In this work, by using the iterative feature representation algorithm, we developed a machine learning based method, namely m7G-IFL, to identify m7G sites. To demonstrate its superiority, m7G-IFL was evaluated and compared with existing predictors. The results demonstrate that our predictor outperforms existing predictors in terms of accuracy for identifying m7G sites. By analyzing and comparing the features used in the predictors, we found that the positive and negative samples in our feature space were more separated than in existing feature space. This result demonstrates that our features extracted more discriminative information via the iterative feature learning process, and thus contributed to the predictive performance improvement.

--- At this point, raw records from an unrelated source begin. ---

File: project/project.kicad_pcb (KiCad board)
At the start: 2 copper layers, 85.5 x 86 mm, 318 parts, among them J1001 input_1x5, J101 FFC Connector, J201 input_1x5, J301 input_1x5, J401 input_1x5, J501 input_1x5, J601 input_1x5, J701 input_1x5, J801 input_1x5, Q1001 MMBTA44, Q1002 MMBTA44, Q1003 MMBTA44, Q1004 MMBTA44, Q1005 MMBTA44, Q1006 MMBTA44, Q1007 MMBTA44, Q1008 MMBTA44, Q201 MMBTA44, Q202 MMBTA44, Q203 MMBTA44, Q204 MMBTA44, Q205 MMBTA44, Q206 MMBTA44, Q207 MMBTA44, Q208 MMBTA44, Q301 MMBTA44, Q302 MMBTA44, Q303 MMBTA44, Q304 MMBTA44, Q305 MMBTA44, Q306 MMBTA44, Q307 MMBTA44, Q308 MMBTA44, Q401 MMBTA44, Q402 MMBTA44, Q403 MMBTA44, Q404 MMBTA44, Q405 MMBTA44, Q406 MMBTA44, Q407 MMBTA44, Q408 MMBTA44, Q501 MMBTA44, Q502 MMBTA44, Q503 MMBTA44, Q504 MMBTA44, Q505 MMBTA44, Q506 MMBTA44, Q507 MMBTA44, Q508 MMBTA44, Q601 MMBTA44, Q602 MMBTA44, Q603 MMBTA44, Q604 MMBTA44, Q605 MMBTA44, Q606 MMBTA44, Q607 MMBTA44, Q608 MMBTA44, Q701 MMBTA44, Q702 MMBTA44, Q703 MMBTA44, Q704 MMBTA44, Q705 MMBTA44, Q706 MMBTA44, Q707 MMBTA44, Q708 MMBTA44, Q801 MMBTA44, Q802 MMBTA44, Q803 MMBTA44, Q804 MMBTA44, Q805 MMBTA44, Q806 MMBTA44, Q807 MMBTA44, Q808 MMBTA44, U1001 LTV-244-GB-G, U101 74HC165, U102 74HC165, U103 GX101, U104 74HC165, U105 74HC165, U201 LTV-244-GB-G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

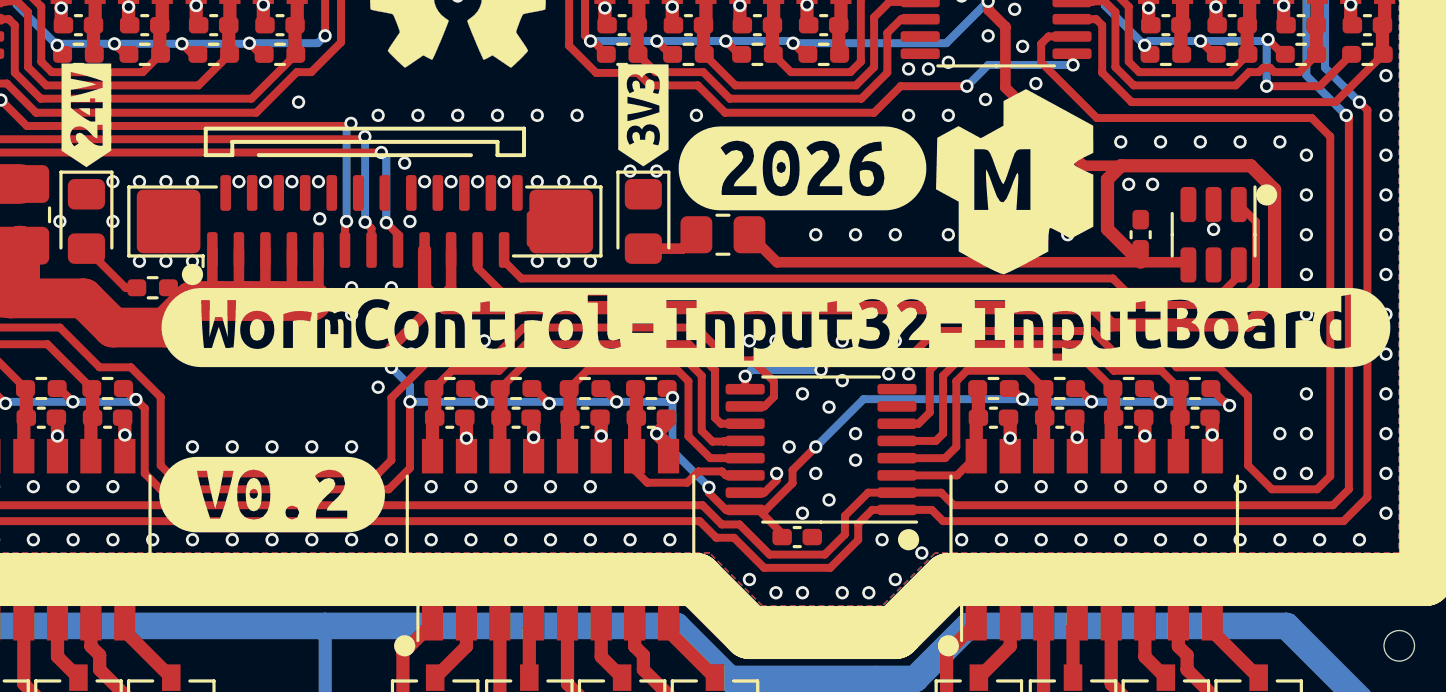
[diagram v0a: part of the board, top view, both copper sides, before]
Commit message: replacing thermometer
* Switching to TMP102 as TMP101 is no longer available
* bumping up version
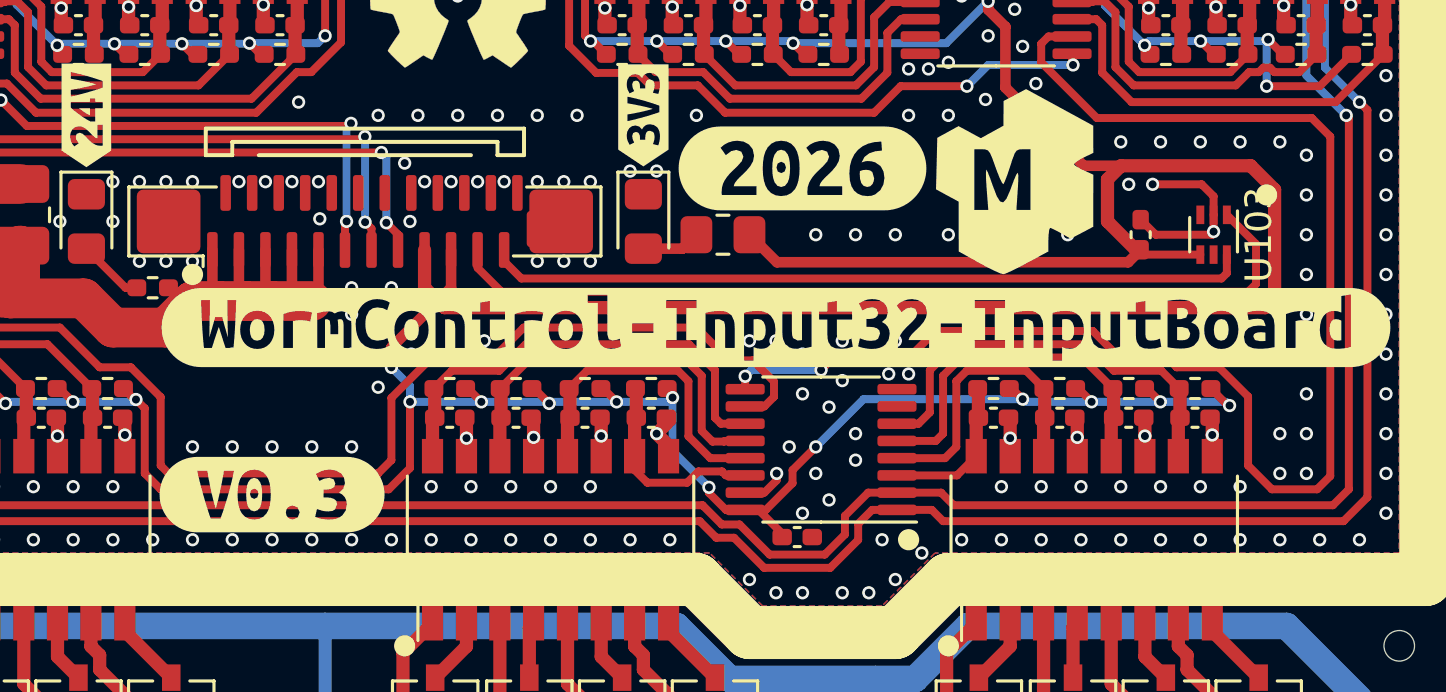
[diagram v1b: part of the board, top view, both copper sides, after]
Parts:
- removed kibuzzard-69735EB9: G***, kibuzzard-69735EB9
- added kibuzzard-69BC6B4D: G***, kibuzzard-69BC6B4D, F.Cu at (164.8, 101.3)
- U103: value GX101 -> TMP102; footprint Package_TO_SOT_SMD:SOT-23-6 -> -local:SOT-563
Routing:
- net GND: track 55.5 -> 62.4 mm
- net SCL: track 34.2 -> 33.6 mm
- net SDA: track 29.3 -> 28.7 mm

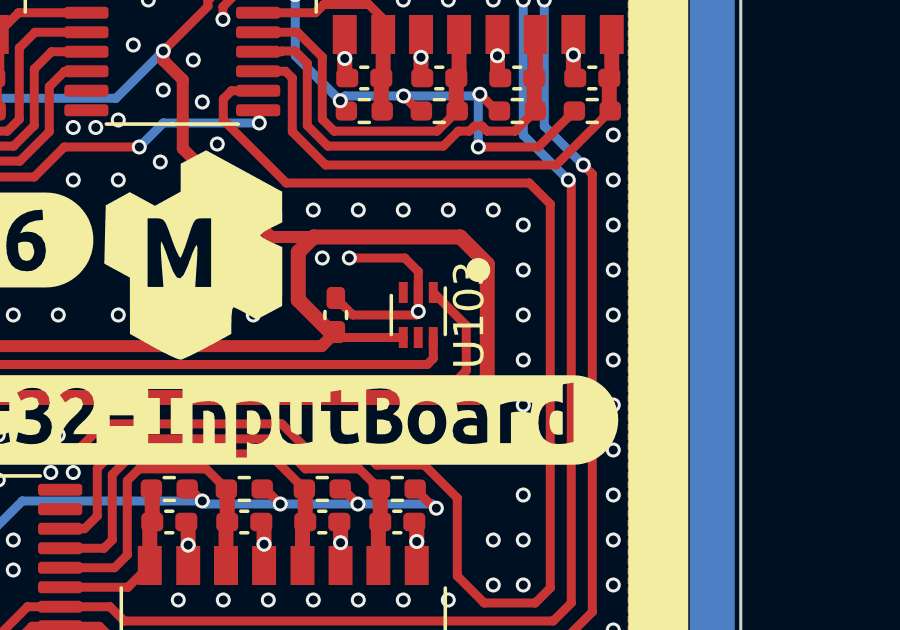
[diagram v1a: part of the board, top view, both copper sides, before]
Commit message: fixing tmp102 pinout
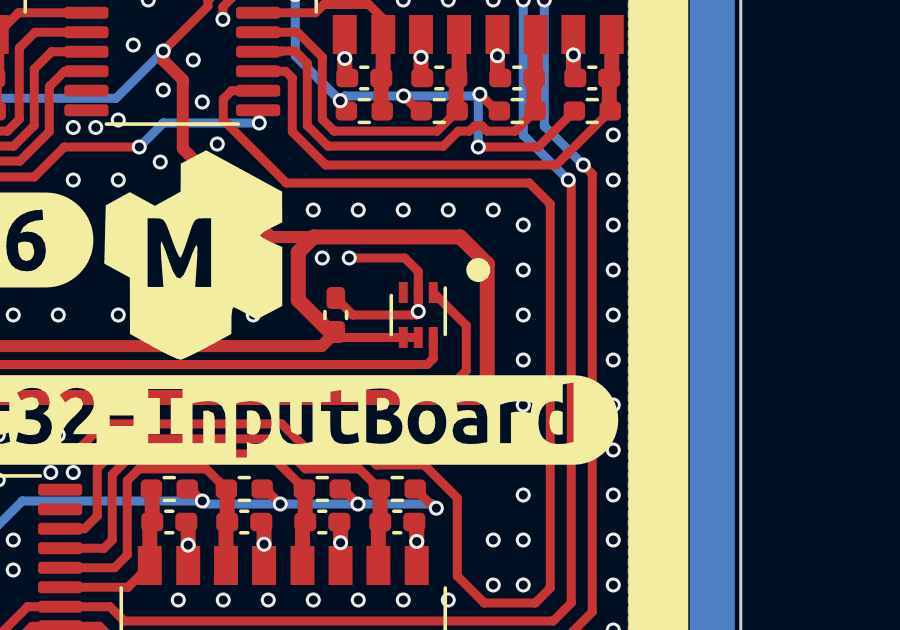
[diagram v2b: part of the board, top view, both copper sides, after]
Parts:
- renumbered C101 to C1, C301 to C10, C302 to C11, C303 to C12, C304 to C13, C401 to C14, C402 to C15, C403 to C16, C404 to C17, C501 to C18, C502 to C19, C102 to C2, C503 to C20, C504 to C21, C601 to C22, C602 to C23, C603 to C24, C604 to C25, C701 to C26, C702 to C27, C703 to C28, C704 to C29, C103 to C3, C801 to C30, C802 to C31, C803 to C32, C804 to C33, C901 to C34, C902 to C35, C903 to C36, C904 to C37, C905 to C38, C1001 to C39, C104 to C4, C1002 to C40, C1003 to C41, C1004 to C42, C105 to C5, C201 to C6, C202 to C7, C203 to C8, C204 to C9, D101 to D1, D401 to D10, D402 to D11, D403 to D12, D404 to D13, D501 to D14, D502 to D15, D503 to D16, D504 to D17, D601 to D18, D602 to D19, D201 to D2, D603 to D20, D604 to D21, D701 to D22, D702 to D23, D703 to D24, D704 to D25, D801 to D26, D802 to D27, D803 to D28, D804 to D29, D202 to D3, D901 to D30, D902 to D31, D1001 to D32, D1002 to D33, D1003 to D34, D1004 to D35, D203 to D4, D204 to D5, D301 to D6, D302 to D7, D303 to D8, D304 to D9, F201 to F1, F301 to F2, F401 to F3, F501 to F4, F601 to F5, F701 to F6, F801 to F7, F1001 to F8, G101 to G1, G102 to G2, J101 to J1, J201 to J2, J301 to J3, J401 to J4, J501 to J5, J601 to J6, J701 to J7, J801 to J8, J1001 to J9, L901 to L1, L902 to L2, PS901 to PS1, Q201 to Q1, Q302 to Q10, Q303 to Q11, Q304 to Q12, Q305 to Q13, Q306 to Q14, Q307 to Q15, Q308 to Q16, Q401 to Q17, Q402 to Q18, Q403 to Q19, Q202 to Q2, Q404 to Q20, Q405 to Q21, Q406 to Q22, Q407 to Q23, Q408 to Q24, Q501 to Q25, Q502 to Q26, Q503 to Q27, Q504 to Q28, Q505 to Q29, Q203 to Q3, Q506 to Q30, Q507 to Q31, Q508 to Q32, Q601 to Q33, Q602 to Q34, Q603 to Q35, Q604 to Q36, Q605 to Q37, Q606 to Q38, Q607 to Q39, Q204 to Q4, Q608 to Q40, Q701 to Q41, Q702 to Q42, Q703 to Q43, Q704 to Q44, Q705 to Q45, Q706 to Q46, Q707 to Q47, Q708 to Q48, Q801 to Q49, Q205 to Q5, Q802 to Q50, Q803 to Q51, Q804 to Q52, Q805 to Q53, Q806 to Q54, Q807 to Q55, Q808 to Q56, Q1001 to Q57, Q1002 to Q58, Q1003 to Q59, Q206 to Q6, Q1004 to Q60, Q1005 to Q61, Q1006 to Q62, Q1007 to Q63, Q1008 to Q64, Q207 to Q7, Q208 to Q8, Q301 to Q9, R101 to R1, R209 to R10, R803 to R100, R804 to R101, R805 to R102, R806 to R103, R807 to R104, R808 to R105, R809 to R106, R810 to R107, R811 to R108, R812 to R109, R210 to R11, R813 to R110, R814 to R111, R815 to R112, R816 to R113, R901 to R114, R902 to R115, R903 to R116, R1001 to R117, R1002 to R118, R1003 to R119, R211 to R12, R1004 to R120, R1005 to R121, R1006 to R122, R1007 to R123, R1008 to R124, R1009 to R125, R1010 to R126, R1011 to R127, R1012 to R128, R1013 to R129, R212 to R13, R1014 to R130, R1015 to R131, R1016 to R132, R213 to R14, R214 to R15, R215 to R16, R216 to R17, R301 to R18, R302 to R19, R201 to R2, R303 to R20, R304 to R21, R305 to R22, R306 to R23, R307 to R24, R308 to R25, R309 to R26, R310 to R27, R311 to R28, R312 to R29, R202 to R3, R313 to R30, R314 to R31, R315 to R32, R316 to R33, R401 to R34, R402 to R35, R403 to R36, R404 to R37, R405 to R38, R406 to R39, R203 to R4, R407 to R40, R408 to R41, R409 to R42, R410 to R43, R411 to R44, R412 to R45, R413 to R46, R414 to R47, R415 to R48, R416 to R49, R204 to R5, R501 to R50, R502 to R51, R503 to R52, R504 to R53, R505 to R54, R506 to R55, R507 to R56, R508 to R57, R509 to R58, R510 to R59, R205 to R6, R511 to R60, R512 to R61, R513 to R62, R514 to R63, R515 to R64, R516 to R65, R601 to R66, R602 to R67, R603 to R68, R604 to R69, R206 to R7, R605 to R70, R606 to R71, R607 to R72, R608 to R73, R609 to R74, R610 to R75, R611 to R76, R612 to R77, R613 to R78, R614 to R79, R207 to R8, R615 to R80, R616 to R81, R701 to R82, R702 to R83, R703 to R84, R704 to R85, R705 to R86, R706 to R87, R707 to R88, R708 to R89, R208 to R9, R709 to R90, R710 to R91, R711 to R92, R712 to R93, R713 to R94, R714 to R95, R715 to R96, R716 to R97, R801 to R98, R802 to R99, U101 to U1, U601 to U10, U701 to U11, U801 to U12, U1001 to U13, U102 to U2, U103 to U3, U104 to U4, U105 to U5, U201 to U6, U301 to U7, U401 to U8, U501 to U9
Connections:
- U3 pad 5: unconnected-(U103-Pad5) -> +3V3
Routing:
- net +3V3: track 284.3 -> 284.8 mm

N7-甲基鸟嘌呤(m7G)是一种重要的表观遗传修饰,在基因表达调控中起着至关重要的作用。因此,准确识别 m7G 修饰将有助于揭示和深入了解其潜在的功能机制。尽管高通量实验方法能够精确地定位 m7G 位点,但它们仍然成本高昂。因此,有必要开发新的方法来识别 m7G 位点。
在这项工作中,我们通过使用迭代特征表示算法,开发了一种基于机器学习的方法,即 m7G-IFL,用于识别 m7G 位点。为了证明其优越性,我们将 m7G-IFL 与现有的预测器进行了评估和比较。结果表明,我们的预测器在识别 m7G 位点的准确性方面优于现有的预测器。通过分析和比较预测器中使用的特征,我们发现我们特征空间中的正负样本比现有特征空间中的更分离。这一结果表明,我们的特征通过迭代特征学习过程提取了更具判别力的信息,从而有助于提高预测性能。